Aim of the exercise
Beneath this line are the data; copy exactly the part of them that opens with the line containing "#6153 = EDGE_CURVE" and closes with the line containing "#9494 = DIRECTION", and only that part.

*** Material for this task ***

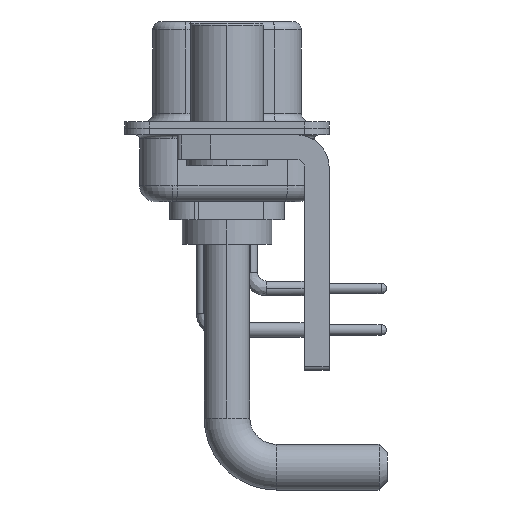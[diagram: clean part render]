
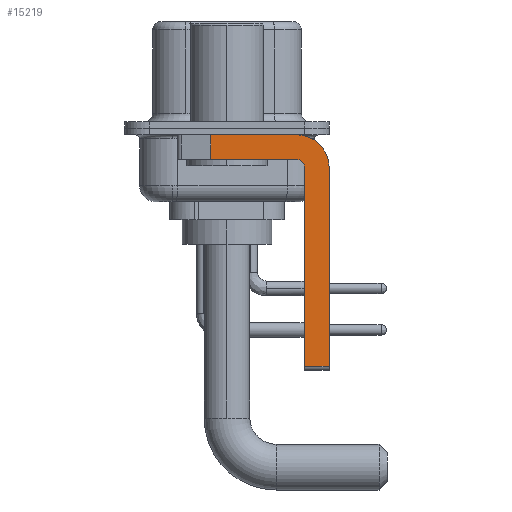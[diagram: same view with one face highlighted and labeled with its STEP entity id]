
A CAD part, left-side view. The second image highlights one B-rep face of the part: STEP entity #15219.
In plain terms, the highlighted planar face has unit normal (-1, 0, 0).
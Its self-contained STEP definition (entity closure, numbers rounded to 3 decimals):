
#39 = VERTEX_POINT ( 'NONE', #13458 ) ;
#466 = VERTEX_POINT ( 'NONE', #19669 ) ;
#591 = EDGE_CURVE ( 'NONE', #25137, #39, #25236, .T. ) ;
#1437 = DIRECTION ( 'NONE',  ( 0., 0., -1. ) ) ;
#1452 = EDGE_CURVE ( 'NONE', #3935, #466, #29299, .T. ) ;
#1576 = VERTEX_POINT ( 'NONE', #20144 ) ;
#1578 = PLANE ( 'NONE',  #26628 ) ;
#1872 = ORIENTED_EDGE ( 'NONE', *, *, #3422, .F. ) ;
#2029 = VERTEX_POINT ( 'NONE', #25623 ) ;
#2745 = VERTEX_POINT ( 'NONE', #3814 ) ;
#3008 = DIRECTION ( 'NONE',  ( 0., 0., -1. ) ) ;
#3422 = EDGE_CURVE ( 'NONE', #1576, #10425, #16753, .T. ) ;
#3678 = DIRECTION ( 'NONE',  ( 1., 0., 0. ) ) ;
#3814 = CARTESIAN_POINT ( 'NONE',  ( -2.9, -6.25, -14.55 ) ) ;
#3935 = VERTEX_POINT ( 'NONE', #21725 ) ;
#3974 = DIRECTION ( 'NONE',  ( 0., 1., 0. ) ) ;
#4480 = CIRCLE ( 'NONE', #8739, 2. ) ;
#4920 = ORIENTED_EDGE ( 'NONE', *, *, #23423, .F. ) ;
#5071 = AXIS2_PLACEMENT_3D ( 'NONE', #21309, #20336, #18812 ) ;
#6153 = EDGE_CURVE ( 'NONE', #10425, #2029, #4480, .T. ) ;
#6484 = CIRCLE ( 'NONE', #5071, 0.5 ) ;
#6546 = EDGE_CURVE ( 'NONE', #1576, #466, #14475, .T. ) ;
#6568 = ORIENTED_EDGE ( 'NONE', *, *, #1452, .F. ) ;
#7498 = ORIENTED_EDGE ( 'NONE', *, *, #591, .F. ) ;
#8739 = AXIS2_PLACEMENT_3D ( 'NONE', #9708, #23617, #3008 ) ;
#8880 = VECTOR ( 'NONE', #9494, 1000. ) ;
#8999 = VECTOR ( 'NONE', #3974, 1000. ) ;
#9494 = DIRECTION ( 'NONE',  ( 0., -1., 0. ) ) ;
#9590 = DIRECTION ( 'NONE',  ( 0., 0., -1. ) ) ;
#9708 = CARTESIAN_POINT ( 'NONE',  ( -2.9, -4.25, -2.4 ) ) ;
#10425 = VERTEX_POINT ( 'NONE', #23174 ) ;
#10518 = ORIENTED_EDGE ( 'NONE', *, *, #24227, .T. ) ;
#11633 = LINE ( 'NONE', #28333, #24427 ) ;
#11795 = CARTESIAN_POINT ( 'NONE',  ( -2.9, 0.978, -1.9 ) ) ;
#13458 = CARTESIAN_POINT ( 'NONE',  ( -2.9, -4.75, -2.4 ) ) ;
#14475 = LINE ( 'NONE', #11795, #28120 ) ;
#14942 = ORIENTED_EDGE ( 'NONE', *, *, #29248, .F. ) ;
#15219 = ADVANCED_FACE ( 'NONE', ( #26167 ), #1578, .F. ) ;
#16158 = CARTESIAN_POINT ( 'NONE',  ( -2.9, -4.25, -14.55 ) ) ;
#16207 = ORIENTED_EDGE ( 'NONE', *, *, #6153, .F. ) ;
#16385 = CARTESIAN_POINT ( 'NONE',  ( -2.9, -4.75, -14.8 ) ) ;
#16618 = CARTESIAN_POINT ( 'NONE',  ( -2.9, 3., -0.4 ) ) ;
#16753 = LINE ( 'NONE', #16618, #24678 ) ;
#17093 = DIRECTION ( 'NONE',  ( 0., 0., -1. ) ) ;
#17559 = EDGE_LOOP ( 'NONE', ( #1872, #19101, #6568, #14942, #7498, #10518, #4920, #16207 ) ) ;
#18812 = DIRECTION ( 'NONE',  ( 0., 0., 1. ) ) ;
#19101 = ORIENTED_EDGE ( 'NONE', *, *, #6546, .T. ) ;
#19669 = CARTESIAN_POINT ( 'NONE',  ( -2.9, 0.978, -1.9 ) ) ;
#19850 = VECTOR ( 'NONE', #24816, 1000. ) ;
#20144 = CARTESIAN_POINT ( 'NONE',  ( -2.9, 0.978, -0.4 ) ) ;
#20336 = DIRECTION ( 'NONE',  ( -1., 0., 0. ) ) ;
#21309 = CARTESIAN_POINT ( 'NONE',  ( -2.9, -4.25, -2.4 ) ) ;
#21350 = DIRECTION ( 'NONE',  ( 0., -1., 0. ) ) ;
#21725 = CARTESIAN_POINT ( 'NONE',  ( -2.9, -4.25, -1.9 ) ) ;
#23117 = LINE ( 'NONE', #16158, #8880 ) ;
#23174 = CARTESIAN_POINT ( 'NONE',  ( -2.9, -4.25, -0.4 ) ) ;
#23423 = EDGE_CURVE ( 'NONE', #2029, #2745, #11633, .T. ) ;
#23617 = DIRECTION ( 'NONE',  ( 1., 0., 0. ) ) ;
#24227 = EDGE_CURVE ( 'NONE', #25137, #2745, #23117, .T. ) ;
#24427 = VECTOR ( 'NONE', #17093, 1000. ) ;
#24475 = CARTESIAN_POINT ( 'NONE',  ( -2.9, -4.75, -14.55 ) ) ;
#24678 = VECTOR ( 'NONE', #21350, 1000. ) ;
#24816 = DIRECTION ( 'NONE',  ( 0., 0., 1. ) ) ;
#25137 = VERTEX_POINT ( 'NONE', #24475 ) ;
#25236 = LINE ( 'NONE', #16385, #19850 ) ;
#25623 = CARTESIAN_POINT ( 'NONE',  ( -2.9, -6.25, -2.4 ) ) ;
#26167 = FACE_OUTER_BOUND ( 'NONE', #17559, .T. ) ;
#26615 = CARTESIAN_POINT ( 'NONE',  ( -2.9, -4.25, -1.9 ) ) ;
#26628 = AXIS2_PLACEMENT_3D ( 'NONE', #28410, #3678, #1437 ) ;
#28120 = VECTOR ( 'NONE', #9590, 1000. ) ;
#28333 = CARTESIAN_POINT ( 'NONE',  ( -2.9, -6.25, -2.4 ) ) ;
#28410 = CARTESIAN_POINT ( 'NONE',  ( -2.9, -4.25, -2.4 ) ) ;
#29248 = EDGE_CURVE ( 'NONE', #39, #3935, #6484, .T. ) ;
#29299 = LINE ( 'NONE', #26615, #8999 ) ;

***

Response below
#6153 = EDGE_CURVE ( 'NONE', #10425, #2029, #4480, .T. ) ;
#6484 = CIRCLE ( 'NONE', #5071, 0.5 ) ;
#6546 = EDGE_CURVE ( 'NONE', #1576, #466, #14475, .T. ) ;
#6568 = ORIENTED_EDGE ( 'NONE', *, *, #1452, .F. ) ;
#7498 = ORIENTED_EDGE ( 'NONE', *, *, #591, .F. ) ;
#8739 = AXIS2_PLACEMENT_3D ( 'NONE', #9708, #23617, #3008 ) ;
#8880 = VECTOR ( 'NONE', #9494, 1000. ) ;
#8999 = VECTOR ( 'NONE', #3974, 1000. ) ;
#9494 = DIRECTION ( 'NONE',  ( 0., -1., 0. ) ) ;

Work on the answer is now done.